08-IX-1977.

In the back pantry, cutting the meat.

In the back pantry, cutting the meat.

Passed the Numela exam (numerical methods of linear algebra), which would make me eligible to enroll regularly into fourth year, but I still didn't pass the multivariable functions and complex analysis from the 2nd year, and the rule was upheld that you can't drag any exam further than next year. So I can't get into fourth year, so formally it will be repeat third. Except that I'd have to switch programs, because there's no rerun of this program, the boss (i.e. the old algebra professor) wouldn't allow the waste of money such as this, where all 38 of us were on computing course, and only two guys on teaching. The decision to revoke the courses was made in march, and I don't quite remember what happened with the extra five or six weeks, did we have these courses to the end or not. Probably did, because not much was left, and one of the courses (theory of algorythms and automata) was held by the Boss himself. But no special courses in fourth year - we all get to do the same stuff.

This is when freezer boxes got popular. The favorite method of getting stocked with meat was to buy half a pig, pay a butcher to chop it, stuff it in bags, shove into freezer. Dad had no problem to find a guy, and he previously did, but now it was a matter of household pride to be able to do it oneself. So he did. Don't know what he used to crack the ribs - chisel or axe - but it was a few years until someone sold us the trick to debone them: a piece of twine, wrapped around two fingers on each end, would be hooked under the rib's end. Then gradually, pulling the twine left-right and generally towards spine, the thread would cut through the meat and membranes, bare the bone and in the end it would take just a simple knife to sever the cartilage on spine end of it. But back then we didn't know this trick.

The way to buy the half was either to arrange straight with a peasant, or via trade union. Being left out of their main reason to exist, the struggle against the capitalists, the unions were mostly ceremonial but still managed to do a few things for the working class. One of them was to bypass the retail and get the winter stock straight from producers, and to make it exempt from any taxation, as it was "workers' standard" and thus considered just a replenishment for the wear and tear in the production.

It didn't stop at meat - the trade unions would get mandarines, oranges, apples (by the crate), flour, potatoes, onions, carrots (by the sack, and the sacks were the big 50kg ones, smaller ones weren't made yet), and in latter years even coffee.

The news from the city passed me by, and I only much later heard that around this time the Omege band finally disbanded, with the kernel of it reshaping itself into the band „Tetka Ana“, named after Ana Vukotić... who will once merit a separate article somewhere around here. They published a couple of singles, but as Bogica Mijatović from radio Novi said, „had they been from Belgrade or at least Novi, they'd have surpassed many bands in higher orbits, but they weren't“.

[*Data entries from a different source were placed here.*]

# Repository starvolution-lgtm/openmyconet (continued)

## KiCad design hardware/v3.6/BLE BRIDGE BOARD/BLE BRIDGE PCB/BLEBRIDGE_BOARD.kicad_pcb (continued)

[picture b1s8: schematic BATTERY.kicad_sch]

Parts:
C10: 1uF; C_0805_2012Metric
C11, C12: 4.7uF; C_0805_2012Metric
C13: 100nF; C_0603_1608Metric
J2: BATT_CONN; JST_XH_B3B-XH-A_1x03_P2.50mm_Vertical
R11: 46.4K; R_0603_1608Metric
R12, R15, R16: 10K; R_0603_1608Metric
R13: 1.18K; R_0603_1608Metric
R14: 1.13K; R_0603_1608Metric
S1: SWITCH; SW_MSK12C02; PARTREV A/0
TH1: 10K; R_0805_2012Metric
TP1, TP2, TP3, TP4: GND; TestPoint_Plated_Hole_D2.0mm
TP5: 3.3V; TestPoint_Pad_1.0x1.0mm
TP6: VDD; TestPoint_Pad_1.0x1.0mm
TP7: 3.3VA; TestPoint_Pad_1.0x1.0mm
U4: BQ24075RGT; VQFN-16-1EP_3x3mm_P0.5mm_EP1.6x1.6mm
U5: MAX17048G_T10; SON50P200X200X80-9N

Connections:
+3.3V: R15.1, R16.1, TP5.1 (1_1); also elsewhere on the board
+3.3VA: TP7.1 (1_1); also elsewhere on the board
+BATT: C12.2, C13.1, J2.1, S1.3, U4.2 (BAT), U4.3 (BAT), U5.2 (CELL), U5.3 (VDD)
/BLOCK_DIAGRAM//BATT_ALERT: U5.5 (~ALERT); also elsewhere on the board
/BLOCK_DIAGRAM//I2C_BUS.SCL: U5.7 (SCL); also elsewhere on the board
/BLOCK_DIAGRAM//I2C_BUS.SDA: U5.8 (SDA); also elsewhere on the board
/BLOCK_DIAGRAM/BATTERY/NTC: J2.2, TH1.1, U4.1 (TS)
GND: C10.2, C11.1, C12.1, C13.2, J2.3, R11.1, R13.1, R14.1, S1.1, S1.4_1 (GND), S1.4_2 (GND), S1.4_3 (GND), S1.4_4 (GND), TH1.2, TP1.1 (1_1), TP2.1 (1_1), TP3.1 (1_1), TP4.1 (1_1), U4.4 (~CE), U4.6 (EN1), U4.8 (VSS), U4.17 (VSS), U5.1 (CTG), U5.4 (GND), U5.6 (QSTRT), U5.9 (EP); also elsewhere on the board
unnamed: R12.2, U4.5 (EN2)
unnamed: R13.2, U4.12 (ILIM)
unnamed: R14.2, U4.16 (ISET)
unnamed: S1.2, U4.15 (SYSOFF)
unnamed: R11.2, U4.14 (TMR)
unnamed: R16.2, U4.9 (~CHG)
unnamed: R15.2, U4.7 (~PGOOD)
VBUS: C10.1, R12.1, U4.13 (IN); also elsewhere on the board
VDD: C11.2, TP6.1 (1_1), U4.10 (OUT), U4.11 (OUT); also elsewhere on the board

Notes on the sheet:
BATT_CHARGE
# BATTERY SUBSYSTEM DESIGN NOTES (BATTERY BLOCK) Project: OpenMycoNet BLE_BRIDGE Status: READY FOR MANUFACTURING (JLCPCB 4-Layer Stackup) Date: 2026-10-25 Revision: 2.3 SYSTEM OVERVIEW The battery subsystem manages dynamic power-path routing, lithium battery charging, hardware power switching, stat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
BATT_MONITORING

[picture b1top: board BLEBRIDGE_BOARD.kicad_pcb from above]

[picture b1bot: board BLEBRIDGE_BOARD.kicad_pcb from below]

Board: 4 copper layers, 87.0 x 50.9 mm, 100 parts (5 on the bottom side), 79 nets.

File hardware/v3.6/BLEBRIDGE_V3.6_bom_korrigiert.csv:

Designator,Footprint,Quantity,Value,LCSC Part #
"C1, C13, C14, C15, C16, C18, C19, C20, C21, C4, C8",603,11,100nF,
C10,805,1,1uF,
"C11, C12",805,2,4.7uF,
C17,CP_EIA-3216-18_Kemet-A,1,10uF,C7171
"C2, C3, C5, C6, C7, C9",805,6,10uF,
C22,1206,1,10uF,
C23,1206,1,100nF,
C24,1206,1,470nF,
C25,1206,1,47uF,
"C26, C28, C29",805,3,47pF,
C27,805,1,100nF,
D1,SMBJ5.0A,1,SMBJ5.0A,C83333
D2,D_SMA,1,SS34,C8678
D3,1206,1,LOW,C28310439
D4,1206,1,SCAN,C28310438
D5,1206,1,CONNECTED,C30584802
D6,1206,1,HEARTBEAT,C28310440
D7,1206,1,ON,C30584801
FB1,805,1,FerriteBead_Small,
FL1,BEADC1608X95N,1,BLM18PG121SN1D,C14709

Looking at their photos now (january 2024) I see I know three guys, perhaps four: Deja from „Pa šta onda“ (also disbanded at this time), Neša Čurganov (was a friend of Pop and for a while was coming to DC-99, maybe not as a full member but helped around with few things; Ilija Hot (who was also a friend of Pop and was around back then when we made that movie in 1971 - if that's him on the picture), and their singer, whom I met a few times, in the next century.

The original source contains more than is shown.